#### MATERIAL FOR THE TASK ####

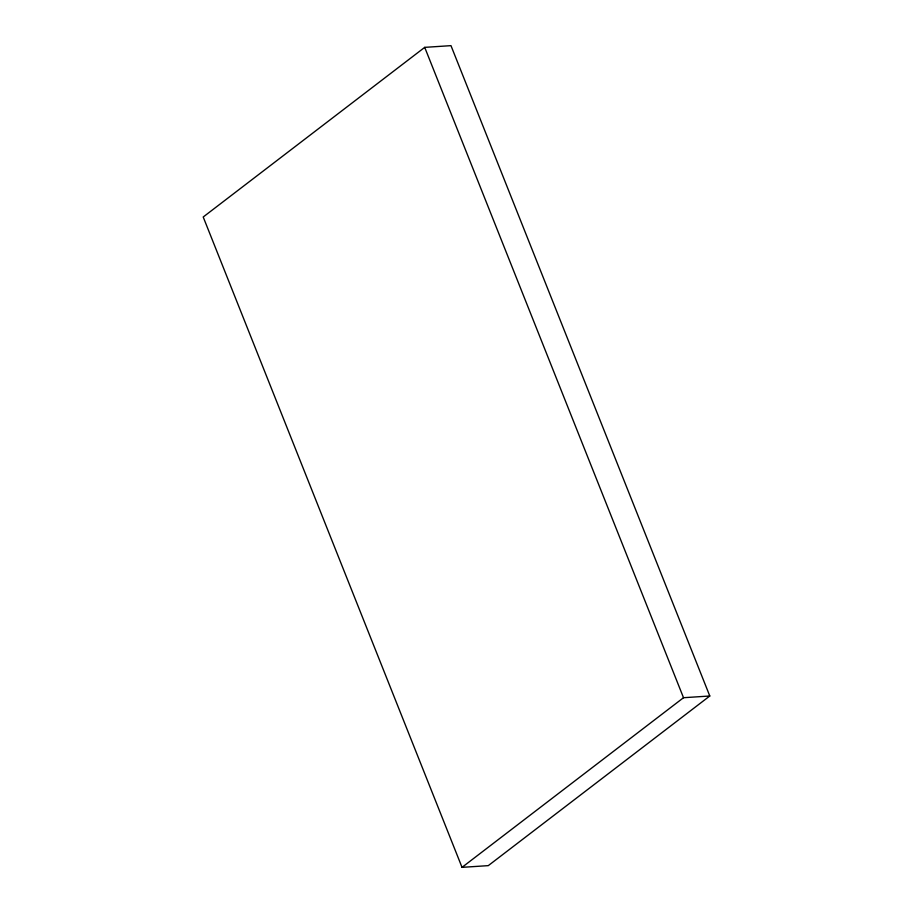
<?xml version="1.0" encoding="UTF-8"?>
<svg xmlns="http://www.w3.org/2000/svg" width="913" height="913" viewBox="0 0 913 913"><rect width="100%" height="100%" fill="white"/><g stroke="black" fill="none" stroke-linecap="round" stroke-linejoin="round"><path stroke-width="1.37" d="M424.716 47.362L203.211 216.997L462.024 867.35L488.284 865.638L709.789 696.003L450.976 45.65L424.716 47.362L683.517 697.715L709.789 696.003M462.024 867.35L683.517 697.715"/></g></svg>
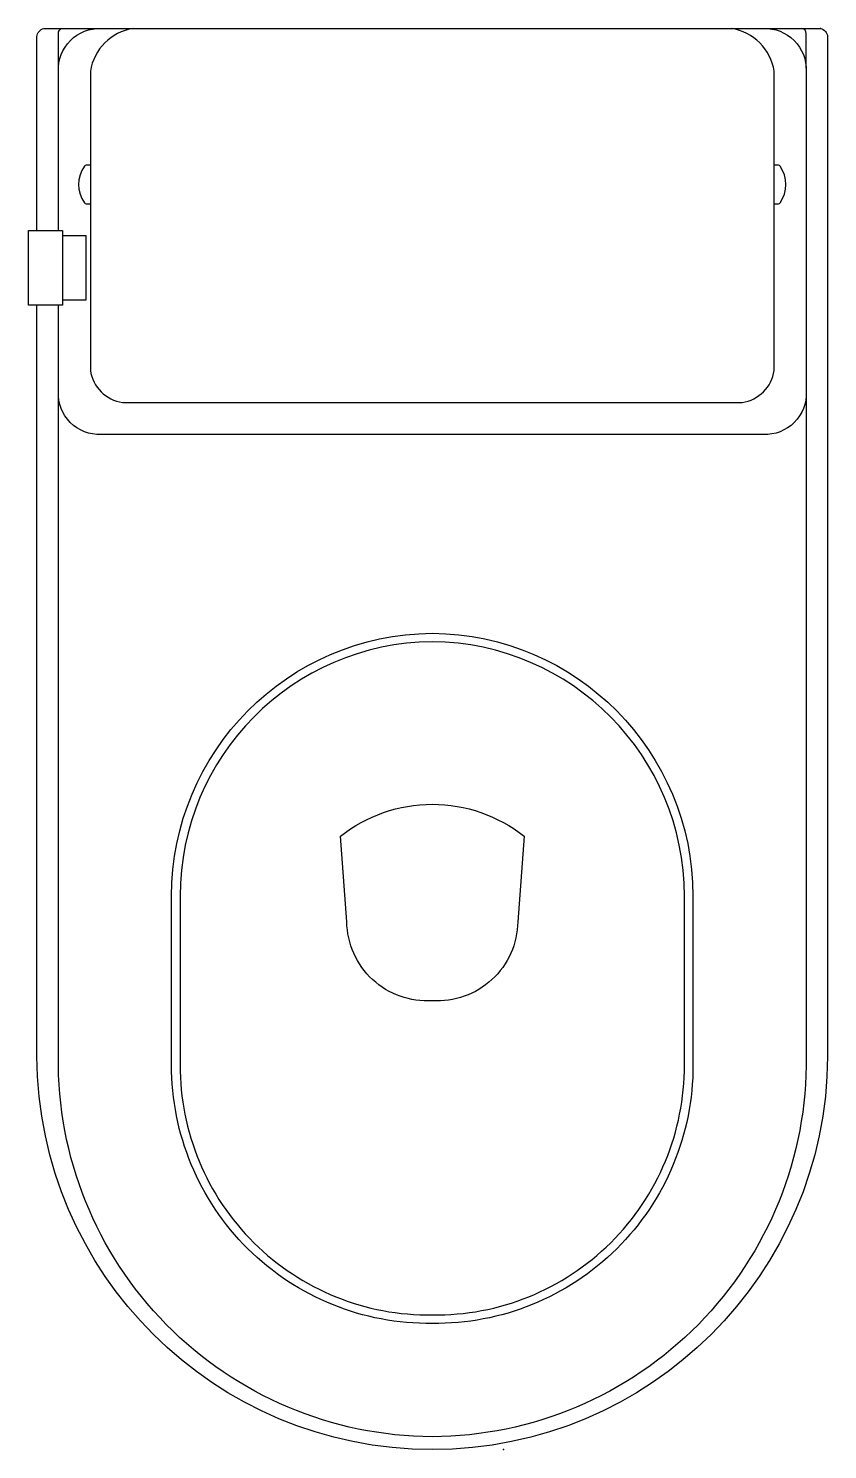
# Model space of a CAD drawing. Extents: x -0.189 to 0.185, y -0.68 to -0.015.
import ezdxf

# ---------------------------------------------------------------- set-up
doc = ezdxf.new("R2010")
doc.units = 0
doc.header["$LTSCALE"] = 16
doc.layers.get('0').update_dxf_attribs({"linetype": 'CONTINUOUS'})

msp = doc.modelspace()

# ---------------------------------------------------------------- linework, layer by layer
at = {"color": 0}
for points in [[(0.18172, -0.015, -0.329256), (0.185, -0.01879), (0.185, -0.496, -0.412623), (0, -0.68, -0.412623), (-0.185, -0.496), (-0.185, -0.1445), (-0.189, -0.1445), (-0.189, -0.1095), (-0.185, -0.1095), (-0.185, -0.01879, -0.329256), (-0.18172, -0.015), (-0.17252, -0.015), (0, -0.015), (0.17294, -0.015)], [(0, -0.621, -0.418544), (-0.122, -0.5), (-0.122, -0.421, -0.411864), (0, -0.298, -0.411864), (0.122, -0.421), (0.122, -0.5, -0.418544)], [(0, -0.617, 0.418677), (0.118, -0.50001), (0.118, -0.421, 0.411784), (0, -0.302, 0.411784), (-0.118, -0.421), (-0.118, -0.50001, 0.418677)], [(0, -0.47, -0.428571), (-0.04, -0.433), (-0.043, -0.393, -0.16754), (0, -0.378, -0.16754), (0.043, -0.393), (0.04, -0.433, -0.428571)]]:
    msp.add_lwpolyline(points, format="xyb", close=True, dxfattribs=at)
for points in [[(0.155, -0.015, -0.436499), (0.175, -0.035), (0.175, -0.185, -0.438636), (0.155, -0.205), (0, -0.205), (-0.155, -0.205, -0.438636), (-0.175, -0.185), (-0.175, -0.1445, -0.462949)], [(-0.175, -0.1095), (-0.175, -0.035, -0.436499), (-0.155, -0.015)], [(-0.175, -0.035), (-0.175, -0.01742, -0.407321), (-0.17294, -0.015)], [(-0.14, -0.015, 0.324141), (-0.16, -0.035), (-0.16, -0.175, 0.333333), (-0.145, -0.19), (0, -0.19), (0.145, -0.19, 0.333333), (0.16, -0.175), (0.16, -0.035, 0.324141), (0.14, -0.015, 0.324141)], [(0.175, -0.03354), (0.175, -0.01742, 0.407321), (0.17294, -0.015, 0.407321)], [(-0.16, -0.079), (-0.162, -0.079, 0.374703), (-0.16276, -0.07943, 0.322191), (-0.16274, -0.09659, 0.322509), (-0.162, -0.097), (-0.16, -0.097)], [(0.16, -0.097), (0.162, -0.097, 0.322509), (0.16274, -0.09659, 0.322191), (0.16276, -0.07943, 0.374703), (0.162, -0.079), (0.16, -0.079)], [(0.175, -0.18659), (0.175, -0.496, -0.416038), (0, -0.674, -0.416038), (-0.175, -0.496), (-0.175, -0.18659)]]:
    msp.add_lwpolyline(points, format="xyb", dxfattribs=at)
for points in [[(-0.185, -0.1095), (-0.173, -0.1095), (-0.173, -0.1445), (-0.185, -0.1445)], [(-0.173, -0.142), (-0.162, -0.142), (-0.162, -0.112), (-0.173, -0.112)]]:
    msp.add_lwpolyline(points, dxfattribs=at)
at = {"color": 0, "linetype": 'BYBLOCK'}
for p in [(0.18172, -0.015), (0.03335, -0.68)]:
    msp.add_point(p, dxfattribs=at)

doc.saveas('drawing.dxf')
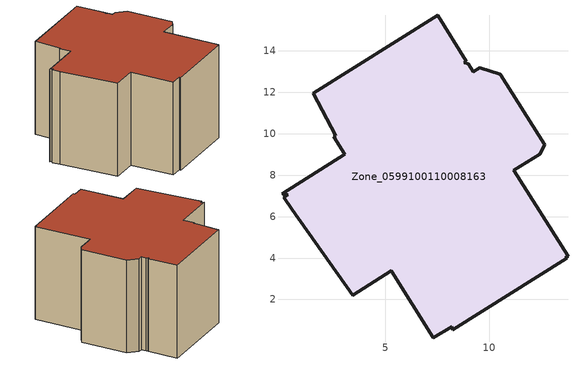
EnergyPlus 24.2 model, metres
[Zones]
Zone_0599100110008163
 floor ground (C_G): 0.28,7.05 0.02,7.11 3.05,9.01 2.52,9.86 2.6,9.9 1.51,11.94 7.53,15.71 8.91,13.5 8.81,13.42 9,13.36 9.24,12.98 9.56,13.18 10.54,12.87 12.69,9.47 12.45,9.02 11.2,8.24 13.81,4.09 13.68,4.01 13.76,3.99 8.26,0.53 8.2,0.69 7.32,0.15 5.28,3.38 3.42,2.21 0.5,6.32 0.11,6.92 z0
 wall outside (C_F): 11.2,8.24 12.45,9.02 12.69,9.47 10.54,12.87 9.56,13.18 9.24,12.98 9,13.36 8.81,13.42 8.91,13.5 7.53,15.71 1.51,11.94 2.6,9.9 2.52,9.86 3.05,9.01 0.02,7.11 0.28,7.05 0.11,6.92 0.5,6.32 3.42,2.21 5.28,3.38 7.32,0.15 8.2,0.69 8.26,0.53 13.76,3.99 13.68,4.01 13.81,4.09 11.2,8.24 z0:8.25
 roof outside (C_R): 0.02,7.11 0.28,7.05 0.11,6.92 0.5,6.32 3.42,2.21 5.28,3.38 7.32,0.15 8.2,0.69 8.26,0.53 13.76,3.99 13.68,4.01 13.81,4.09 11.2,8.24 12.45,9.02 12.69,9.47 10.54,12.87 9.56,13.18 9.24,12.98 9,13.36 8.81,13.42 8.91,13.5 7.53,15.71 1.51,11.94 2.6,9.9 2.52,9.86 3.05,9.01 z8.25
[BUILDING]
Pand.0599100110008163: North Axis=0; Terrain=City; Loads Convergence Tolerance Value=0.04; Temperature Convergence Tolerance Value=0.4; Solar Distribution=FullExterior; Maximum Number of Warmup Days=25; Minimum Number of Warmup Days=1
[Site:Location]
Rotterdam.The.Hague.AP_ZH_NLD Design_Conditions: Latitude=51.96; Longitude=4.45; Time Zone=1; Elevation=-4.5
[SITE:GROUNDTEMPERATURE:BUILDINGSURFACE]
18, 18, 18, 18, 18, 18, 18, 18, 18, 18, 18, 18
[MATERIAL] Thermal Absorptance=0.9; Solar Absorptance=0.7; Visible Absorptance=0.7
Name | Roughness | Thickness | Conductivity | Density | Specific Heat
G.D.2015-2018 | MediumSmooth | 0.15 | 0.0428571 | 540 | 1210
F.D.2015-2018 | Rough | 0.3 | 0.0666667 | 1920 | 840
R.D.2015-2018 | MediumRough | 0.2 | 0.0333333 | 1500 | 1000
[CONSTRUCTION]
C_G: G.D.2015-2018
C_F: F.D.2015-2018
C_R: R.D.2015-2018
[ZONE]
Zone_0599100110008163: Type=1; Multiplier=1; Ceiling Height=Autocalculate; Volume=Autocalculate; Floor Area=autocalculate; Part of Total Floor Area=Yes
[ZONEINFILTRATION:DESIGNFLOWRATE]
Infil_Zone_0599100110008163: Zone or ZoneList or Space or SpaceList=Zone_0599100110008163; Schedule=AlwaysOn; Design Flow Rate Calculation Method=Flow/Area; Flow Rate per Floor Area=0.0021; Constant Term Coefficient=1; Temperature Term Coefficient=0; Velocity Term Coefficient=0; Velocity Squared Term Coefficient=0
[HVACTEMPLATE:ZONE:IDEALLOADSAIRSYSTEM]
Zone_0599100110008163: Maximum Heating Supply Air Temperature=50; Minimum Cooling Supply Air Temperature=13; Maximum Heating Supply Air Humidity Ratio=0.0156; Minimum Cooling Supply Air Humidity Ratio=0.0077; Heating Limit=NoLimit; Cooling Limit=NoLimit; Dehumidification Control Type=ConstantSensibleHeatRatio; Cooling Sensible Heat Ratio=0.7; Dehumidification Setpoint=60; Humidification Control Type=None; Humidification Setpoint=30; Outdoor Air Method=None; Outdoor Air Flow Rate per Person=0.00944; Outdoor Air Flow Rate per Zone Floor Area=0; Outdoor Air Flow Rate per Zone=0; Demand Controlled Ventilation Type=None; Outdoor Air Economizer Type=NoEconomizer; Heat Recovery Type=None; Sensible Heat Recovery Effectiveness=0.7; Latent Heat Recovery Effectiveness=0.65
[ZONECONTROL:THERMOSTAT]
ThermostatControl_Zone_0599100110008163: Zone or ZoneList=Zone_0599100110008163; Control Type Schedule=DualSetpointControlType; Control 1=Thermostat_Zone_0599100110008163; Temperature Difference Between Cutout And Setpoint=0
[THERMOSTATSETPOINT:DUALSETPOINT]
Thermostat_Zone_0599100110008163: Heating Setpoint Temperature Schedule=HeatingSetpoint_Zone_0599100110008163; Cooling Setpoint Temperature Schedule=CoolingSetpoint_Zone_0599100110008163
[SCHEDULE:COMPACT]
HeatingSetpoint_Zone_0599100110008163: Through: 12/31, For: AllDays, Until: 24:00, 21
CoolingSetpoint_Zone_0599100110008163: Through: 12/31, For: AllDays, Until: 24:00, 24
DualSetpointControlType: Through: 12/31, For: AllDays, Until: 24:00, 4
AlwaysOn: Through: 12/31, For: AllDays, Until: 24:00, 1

####

TASK TO COMPLETE: Above are the records; from them, give again exactly the lines from the one containing "import ezdxf" to the one containing "layer by layer", both lines included, and nothing more.

EXERCISE SOLUTION:
import ezdxf

# ---------------------------------------------------------------- set-up
doc = ezdxf.new("R2010")
doc.units = 0
doc.header["$LTSCALE"] = 16
doc.layers.get('0').update_dxf_attribs({"linetype": 'CONTINUOUS'})

msp = doc.modelspace()

# ---------------------------------------------------------------- linework, layer by layer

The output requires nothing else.